Тобиас и Теллингтон переглянулись, молча сговариваясь, кому выпадет честь изложить. Выиграл Тобиас.

– Прошу, – сказал Теллингтон.

– До конца восьмидесятых, – начал Тобиас, – на Бычьих Бегах ни одна женщина не появлялась.

– Кроме актрис, разумеется, – прибавил Теллингтон.

– Хочешь сам рассказать? – спросил Морхаус. Теллингтон поднял руки – капитулировал. – Ну ладно. Когда начался бум биотехнологий, а потом микрочипов, большинство из нас остались среди руин. Стендаль все предвидела. Она раньше работала со шнырантами из Госдепа, ей достало хитрости увести отдел Национального научного фонда в частный сектор, а потом его возглавить с какими-то старыми дружками из Минобороны. Так все получилось, что нельзя точка-ком открыть, у нее не зарегистрировавшись.

– Это мы знаем, – перебил Алек. – История Интернета. А устриц прерий она почему ест?

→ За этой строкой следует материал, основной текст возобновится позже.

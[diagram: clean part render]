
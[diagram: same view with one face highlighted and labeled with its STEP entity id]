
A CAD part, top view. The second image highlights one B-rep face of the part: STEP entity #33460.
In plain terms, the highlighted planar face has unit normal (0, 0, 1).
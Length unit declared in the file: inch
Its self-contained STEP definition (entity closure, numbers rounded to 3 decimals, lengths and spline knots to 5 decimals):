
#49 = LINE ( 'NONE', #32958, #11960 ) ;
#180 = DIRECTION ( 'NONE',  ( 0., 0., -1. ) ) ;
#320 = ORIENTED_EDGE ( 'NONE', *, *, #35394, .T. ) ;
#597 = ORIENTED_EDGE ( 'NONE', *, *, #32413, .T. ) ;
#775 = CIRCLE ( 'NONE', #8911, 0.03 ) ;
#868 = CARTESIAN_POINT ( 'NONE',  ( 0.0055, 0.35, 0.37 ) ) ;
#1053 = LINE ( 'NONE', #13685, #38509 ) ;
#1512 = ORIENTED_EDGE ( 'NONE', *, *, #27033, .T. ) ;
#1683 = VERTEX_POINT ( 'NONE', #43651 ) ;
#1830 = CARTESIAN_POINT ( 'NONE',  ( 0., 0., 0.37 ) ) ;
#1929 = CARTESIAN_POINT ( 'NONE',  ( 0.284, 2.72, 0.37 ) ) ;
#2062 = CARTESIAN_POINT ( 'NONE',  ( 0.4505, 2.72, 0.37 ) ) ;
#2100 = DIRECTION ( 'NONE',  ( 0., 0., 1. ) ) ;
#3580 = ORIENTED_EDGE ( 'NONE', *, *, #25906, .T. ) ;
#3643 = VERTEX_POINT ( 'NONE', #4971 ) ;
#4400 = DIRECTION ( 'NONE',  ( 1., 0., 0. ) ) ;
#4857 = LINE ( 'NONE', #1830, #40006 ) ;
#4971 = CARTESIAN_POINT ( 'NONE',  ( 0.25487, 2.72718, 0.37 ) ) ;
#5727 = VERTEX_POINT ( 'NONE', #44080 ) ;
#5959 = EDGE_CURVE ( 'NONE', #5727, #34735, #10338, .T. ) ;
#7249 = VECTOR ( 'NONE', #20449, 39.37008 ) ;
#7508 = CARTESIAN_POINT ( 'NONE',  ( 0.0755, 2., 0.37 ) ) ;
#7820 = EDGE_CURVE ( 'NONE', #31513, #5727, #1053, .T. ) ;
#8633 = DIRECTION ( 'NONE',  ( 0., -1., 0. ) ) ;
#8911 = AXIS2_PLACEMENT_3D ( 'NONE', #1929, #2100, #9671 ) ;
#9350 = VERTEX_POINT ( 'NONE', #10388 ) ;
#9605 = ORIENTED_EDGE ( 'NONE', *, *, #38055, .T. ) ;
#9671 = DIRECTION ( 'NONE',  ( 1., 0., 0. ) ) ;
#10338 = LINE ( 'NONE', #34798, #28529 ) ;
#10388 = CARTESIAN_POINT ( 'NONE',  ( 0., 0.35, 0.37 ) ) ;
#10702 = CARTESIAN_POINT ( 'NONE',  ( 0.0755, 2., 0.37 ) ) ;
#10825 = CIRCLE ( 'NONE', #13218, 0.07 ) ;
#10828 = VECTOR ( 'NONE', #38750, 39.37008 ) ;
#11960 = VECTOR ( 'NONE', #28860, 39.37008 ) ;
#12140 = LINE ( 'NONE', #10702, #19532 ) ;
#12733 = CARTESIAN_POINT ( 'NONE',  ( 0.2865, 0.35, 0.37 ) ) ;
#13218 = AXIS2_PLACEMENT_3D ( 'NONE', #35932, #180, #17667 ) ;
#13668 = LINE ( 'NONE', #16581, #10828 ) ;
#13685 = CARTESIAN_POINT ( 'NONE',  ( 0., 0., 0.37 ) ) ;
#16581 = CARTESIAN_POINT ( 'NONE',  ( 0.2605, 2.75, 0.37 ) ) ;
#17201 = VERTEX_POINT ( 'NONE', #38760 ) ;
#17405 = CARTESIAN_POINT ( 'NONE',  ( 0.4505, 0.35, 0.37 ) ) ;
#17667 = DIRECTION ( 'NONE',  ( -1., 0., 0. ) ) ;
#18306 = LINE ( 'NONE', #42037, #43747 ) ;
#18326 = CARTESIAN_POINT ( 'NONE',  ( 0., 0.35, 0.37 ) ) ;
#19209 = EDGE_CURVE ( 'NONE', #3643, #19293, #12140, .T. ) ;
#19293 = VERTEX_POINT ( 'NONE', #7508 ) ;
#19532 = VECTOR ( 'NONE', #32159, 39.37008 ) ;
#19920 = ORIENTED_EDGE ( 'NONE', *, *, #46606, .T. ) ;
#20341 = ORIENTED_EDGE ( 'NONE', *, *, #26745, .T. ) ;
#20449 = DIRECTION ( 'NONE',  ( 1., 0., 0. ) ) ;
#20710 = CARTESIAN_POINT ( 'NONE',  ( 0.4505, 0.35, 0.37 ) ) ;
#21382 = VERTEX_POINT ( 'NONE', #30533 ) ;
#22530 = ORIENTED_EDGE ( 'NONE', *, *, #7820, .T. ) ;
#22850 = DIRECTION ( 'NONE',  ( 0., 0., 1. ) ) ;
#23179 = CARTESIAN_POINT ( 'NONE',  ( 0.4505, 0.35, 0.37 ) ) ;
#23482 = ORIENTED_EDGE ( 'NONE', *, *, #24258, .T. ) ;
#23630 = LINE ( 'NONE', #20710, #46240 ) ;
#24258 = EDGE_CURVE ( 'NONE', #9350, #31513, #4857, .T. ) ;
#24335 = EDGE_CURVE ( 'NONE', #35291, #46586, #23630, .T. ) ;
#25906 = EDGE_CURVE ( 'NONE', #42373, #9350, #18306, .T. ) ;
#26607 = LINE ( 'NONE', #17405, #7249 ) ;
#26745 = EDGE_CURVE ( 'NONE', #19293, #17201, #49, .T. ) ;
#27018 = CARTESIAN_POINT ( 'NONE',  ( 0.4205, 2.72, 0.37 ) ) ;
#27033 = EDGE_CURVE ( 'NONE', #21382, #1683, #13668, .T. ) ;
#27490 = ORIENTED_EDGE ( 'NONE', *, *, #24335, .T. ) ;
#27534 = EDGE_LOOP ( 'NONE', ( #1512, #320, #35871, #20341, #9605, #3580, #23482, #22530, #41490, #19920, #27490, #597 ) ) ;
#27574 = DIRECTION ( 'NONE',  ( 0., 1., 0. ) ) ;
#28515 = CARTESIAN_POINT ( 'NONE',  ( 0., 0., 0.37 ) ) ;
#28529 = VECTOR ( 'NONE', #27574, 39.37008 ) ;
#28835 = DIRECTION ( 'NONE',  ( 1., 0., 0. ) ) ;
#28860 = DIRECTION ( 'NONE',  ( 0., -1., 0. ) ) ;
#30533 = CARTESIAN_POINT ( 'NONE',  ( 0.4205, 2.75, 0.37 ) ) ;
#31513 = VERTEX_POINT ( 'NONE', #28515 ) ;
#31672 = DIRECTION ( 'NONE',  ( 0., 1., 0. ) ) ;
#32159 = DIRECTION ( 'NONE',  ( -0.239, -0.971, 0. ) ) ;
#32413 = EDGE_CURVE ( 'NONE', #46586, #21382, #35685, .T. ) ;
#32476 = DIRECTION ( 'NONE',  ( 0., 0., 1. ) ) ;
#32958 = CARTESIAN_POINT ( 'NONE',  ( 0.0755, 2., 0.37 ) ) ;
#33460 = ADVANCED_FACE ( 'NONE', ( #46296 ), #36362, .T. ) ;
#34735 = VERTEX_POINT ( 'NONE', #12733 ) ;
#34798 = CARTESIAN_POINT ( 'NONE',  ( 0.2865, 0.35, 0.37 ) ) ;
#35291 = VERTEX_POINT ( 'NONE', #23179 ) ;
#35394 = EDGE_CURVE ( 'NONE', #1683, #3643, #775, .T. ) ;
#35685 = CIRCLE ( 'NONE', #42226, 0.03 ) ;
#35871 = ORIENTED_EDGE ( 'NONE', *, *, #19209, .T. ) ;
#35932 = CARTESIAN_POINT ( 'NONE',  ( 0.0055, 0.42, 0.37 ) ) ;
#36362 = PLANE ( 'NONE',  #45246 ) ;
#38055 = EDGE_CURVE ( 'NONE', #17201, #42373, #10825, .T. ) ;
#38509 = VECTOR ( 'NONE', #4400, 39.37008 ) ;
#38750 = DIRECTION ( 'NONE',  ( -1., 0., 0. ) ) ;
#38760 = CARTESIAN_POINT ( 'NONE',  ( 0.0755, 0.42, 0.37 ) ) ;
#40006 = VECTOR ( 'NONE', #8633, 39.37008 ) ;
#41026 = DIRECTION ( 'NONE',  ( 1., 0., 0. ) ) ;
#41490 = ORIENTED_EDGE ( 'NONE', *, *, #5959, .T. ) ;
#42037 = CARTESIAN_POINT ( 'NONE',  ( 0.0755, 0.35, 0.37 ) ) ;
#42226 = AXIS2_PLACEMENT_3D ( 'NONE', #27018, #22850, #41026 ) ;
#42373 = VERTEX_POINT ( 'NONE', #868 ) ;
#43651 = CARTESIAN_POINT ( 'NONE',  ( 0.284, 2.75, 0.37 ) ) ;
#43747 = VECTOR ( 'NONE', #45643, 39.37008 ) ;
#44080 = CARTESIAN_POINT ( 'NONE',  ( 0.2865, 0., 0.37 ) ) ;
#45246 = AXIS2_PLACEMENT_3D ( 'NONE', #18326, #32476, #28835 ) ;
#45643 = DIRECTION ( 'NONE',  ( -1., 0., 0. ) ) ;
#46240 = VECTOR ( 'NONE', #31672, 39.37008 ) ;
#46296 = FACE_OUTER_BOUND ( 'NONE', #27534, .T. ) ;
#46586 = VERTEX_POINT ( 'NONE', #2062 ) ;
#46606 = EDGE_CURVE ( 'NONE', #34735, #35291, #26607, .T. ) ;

– Я до этого еще не дошел. Это было году в девяносто четвертом или девяносто пятом. Так, Теллингтон?

Маршалл кивнул.

– Кажется, в девяносто пятом, – продолжал Тобиас. – Мы все собираемся за устрицами – так в то время говорили. А она смотрит на нас, будто мы совсем имбецилы. Накануне сидела на костре, ни на что не купилась. Видимо, решила, что мы еще разок попробуем, и с нами не пошла. Мы думаем – ну и к лучшему. Пусть не суется. Это наше развлечение. И чтоб ее носом ткнуть лишний раз, все собранные яйца покидали в большое ведро и оставили в кухне на столе. Сели, ждем, когда она туда глянет и с воплями убежит. Зрелище и впрямь кошмарное. Окровавленное ведро бычьих яиц. Аж мурашки по коже.

– И что дальше было? – спросил я.

– Она вприпрыжку к столу, спрашивает, типа – «ну что, мальчики, закончили»? А мы сидим, этак ухмыляемся, мол, сейчас попляшешь. Вот, думаем, теперь-то она себя и выдаст.

– А потом? – спросил Алек. Ему аж на стуле не сиделось.

– Она заглядывает в ведро, усмехается. Не бледнеет ни капли. Сует туда руку, достает одно. Берет за жилу, качает этой сырой кровавой штукой перед лицом. Оглядывает нас, совершенно, заметьте, невозмутимо, и спрашивает: «Это чье?»

– Уй-й! – взвизгнул Алек.

– Мы не знаем, что и сказать. Окаменели все. Парни ноги скрещивают и вниз смотрят. И тут она раскручивает эту штуковину, как лассо, закидывает в рот и проглатывает, глазом не моргнув.